Russel, I really like one half of the tank, but the other half looks really messy since its overgrown and covers the front glass from bottom to top.


----------



## russell (Dec 7, 2004)

i know exactly what you mean baj. that side will be trimmed shortly. it is just there for now to combat any algae. so far, this tank has been very algae-free, and i didn't want to chance it since the whole right side is new plants that are still in shock from the trip in the mail.

but thanks for the comment. i really like how the right side is looking also. my plans are to chop down a lot of the hygro and plant anubias and glosso in front of it in a couple of weeks.


----------



## trenac (Jul 16, 2004)

Russell... You have a very healthy clean looking tank. At this point the tank looks very over crowded, no definition between background and foreground. But like you said you are going to remedy that. I will love to see the pics once you have pruned and put in a foreground. Keep us updated ;-)


----------



## russell (Dec 7, 2004)

i think this tank will look like a shaggy mess until i decide it is stable enough to cut back on the hygro and others. i have toyed with the idea of adding a riccia or moss covered piece of driftwood to the center, but i don't know how that would look.

also, does anyone know of a good source for healthy glosso? i would prefer it in it's submerged form so it doesn't take as long to fill in.


----------



## russell (Dec 7, 2004)

little update


----------



## nevada (Apr 3, 2005)

ur plants looks very2 healthy but i see that the plants looks too big for the tank. probably u can choose plants with smaller leaves?


----------



## russell (Dec 7, 2004)

that is one of my problems. i do like larger plants, and some day i hope to get a larger tank 75 or 120 gallon. i just don't have the pacients to grow out 100 stems of bacopa carolinina to fill a large area.


----------



## mlfishman (Apr 4, 2005)

NICE Russell! I think once you get some more of a mid/foreground going this tank will be stunning. What is that red plant in the middle? Also what are your tank specs...(light, ferts, etc?)


----------



## mlfishman (Apr 4, 2005)

*my bad*

my bad .....i saw your tank specs in your sig


----------



## Andrew-amano-wannabe (Jun 29, 2005)

You can get good quality glosso from tropica, i dont know if your in the us, if you are am sure you can prob get it there too, over here usually goes for £3GBP a pot, try there website for details, www.tropica.com Any good aquatic outlet will be able to get you a custom order min of 5 pots for no extra charge, which should provide you with a good carpet, also i wouldnt recomend anubias at the front of your tank, my experience with this plant is that while it easy to grow it does go quite large, mine has now taken 2 years and has broken the surface of my tank and has flowered. There are small leaf varieties available but also grow quite large. Hope i dont sound to patronising, tank looks realy clean, polysperma is a must in all new tanks to amass a quick biomass in a new set up to prevent algae, which to its credit has served its purpose in your tank. A very nice small leaf bushy plant is Didiplis Diandra, which reddens as it reaches the surface. Good luck with the glosso i myself find it too difficult to grow.


----------



## russell (Dec 7, 2004)

mlfishman: i use the estimative index for dosing my ferts. i just find it's the easiest. i add 8ppm no3 and 1.25 ppm po4 every other day. i also dose 6ml of a trace element mix on the opposite days of the no3 and po4. i also do a 50% wc every sunday. after the wc's i always add 15mL of flurish excel. 

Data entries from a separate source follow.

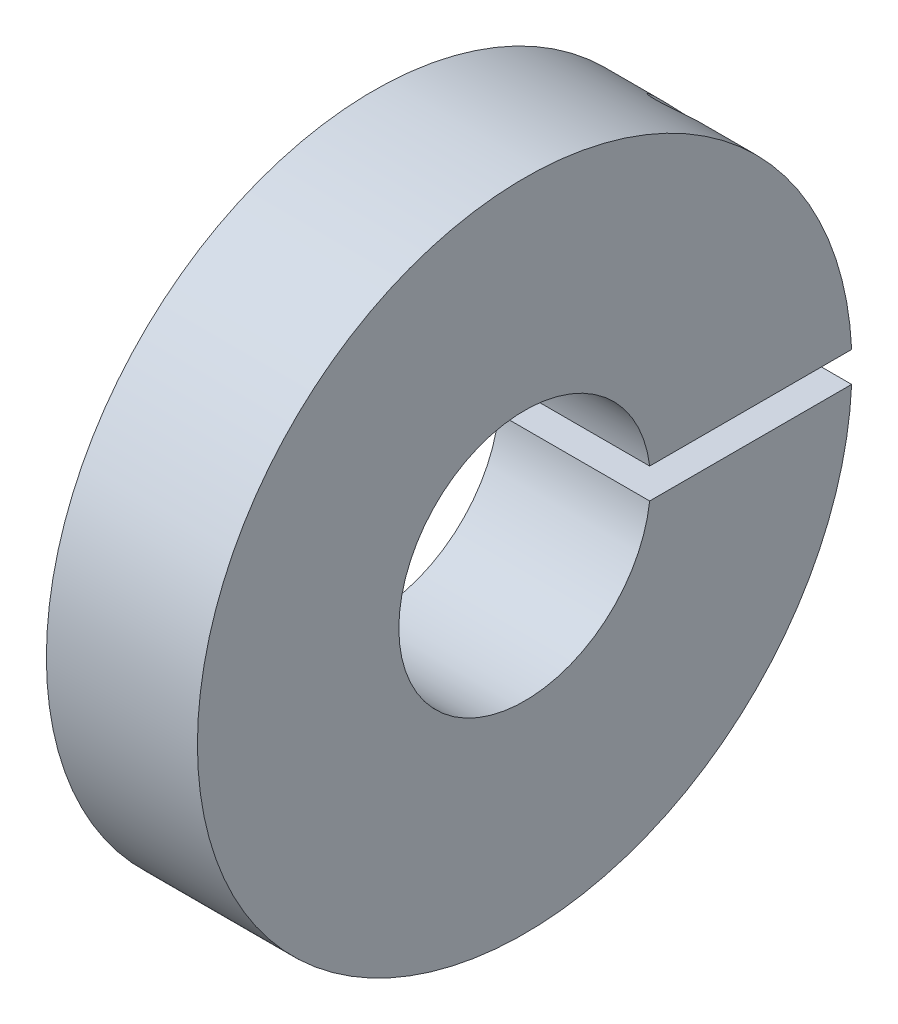
SolidWorks part; units mm, degrees
ref_plane "Front Plane" through (0, 0, 0) normal (0, 0, 1) x (1, 0, 0)
ref_plane "Top Plane" through (0, 0, 0) normal (0, 1, 0) x (1, 0, 0)
ref_plane "Right Plane" through (0, 0, 0) normal (1, 0, 0) x (0, 0, -1)
sketch "Sketch1" plane through (0, 0, 0) normal (1, 0, 0) x (0, 0, -1)
  circle A0 centre (0, 0) radius 3.175
  circle A1 centre (0, 0) radius 8.255
  dimension "D1" = 6.35
  dimension "D2" = 5.08
extrude "Boss-Extrude1" add sketch "Sketch1" along normal mid plane 3.81
sketch "Sketch3" plane through (0, 0, 0) normal (0, 1, 0) x (1, 0, 0)
  line L0 (-1.905, 0) -> (1.905, 0) construction
  line L1 (-1.905, 8.255) -> (-1.905, -8.255) construction
  line L2 (1.905, -8.255) -> (1.905, 8.255) construction
  line L4 (-1.905, 0) -> (1.905, 0)
  line L5 (-1.905, 0) -> (-1.905, 8.255)
  line L6 (-1.905, 8.255) -> (1.905, 8.255)
  line L7 (1.905, 0) -> (1.905, 8.255)
extrude "Cut-Extrude1" cut sketch "Sketch3" against normal mid plane 0.762
sketch "Sketch4" plane through (0, 0, 0) normal (0, 1, 0) x (1, 0, 0)
  line L0 (0, 0) -> (0, 8.2462) construction
  line L1 (-1.905, 8.2462) -> (1.905, 8.2462) construction
  circle A0 centre (0, 5.7062) radius 0.508
  dimension "D1" = 1.016
  dimension "D2" = 2.54
extrude "Cut-Extrude2" cut sketch "Sketch4" against normal through all both and the other way through all

andrew: i havn't had any anubias problems so far. this is only nana, but it can still get big. there are always other plants if this one outgrows my tank. i appreciate the link to get glosso, but i have already found some, and i would guess that it arrives at my house tomorrow morning. i will let it grow for a week or so, then take another pic.

thanks again guys!

russell


----------



## russell (Dec 7, 2004)

well, i took out the sword and added glosso, the only problem is it looks terrable with the glosso in the front and then l. glandulosa behind it. i need some sort of a midground plant. only problem is that with only 12 inches from front to back to work with, i don't really have much room for any midground


----------



## gnatster (Mar 6, 2004)

> You can get good quality glosso from tropica, i dont know if your in the us, if you are am sure you can prob get it there too


Tropica is not available in the US, we have strange laws that require the plants to have clean roots free of any material. The rockwool that Tropica uses, while sterile and probably better for keep out nasties, is not legal to have on the roots when imported.


----------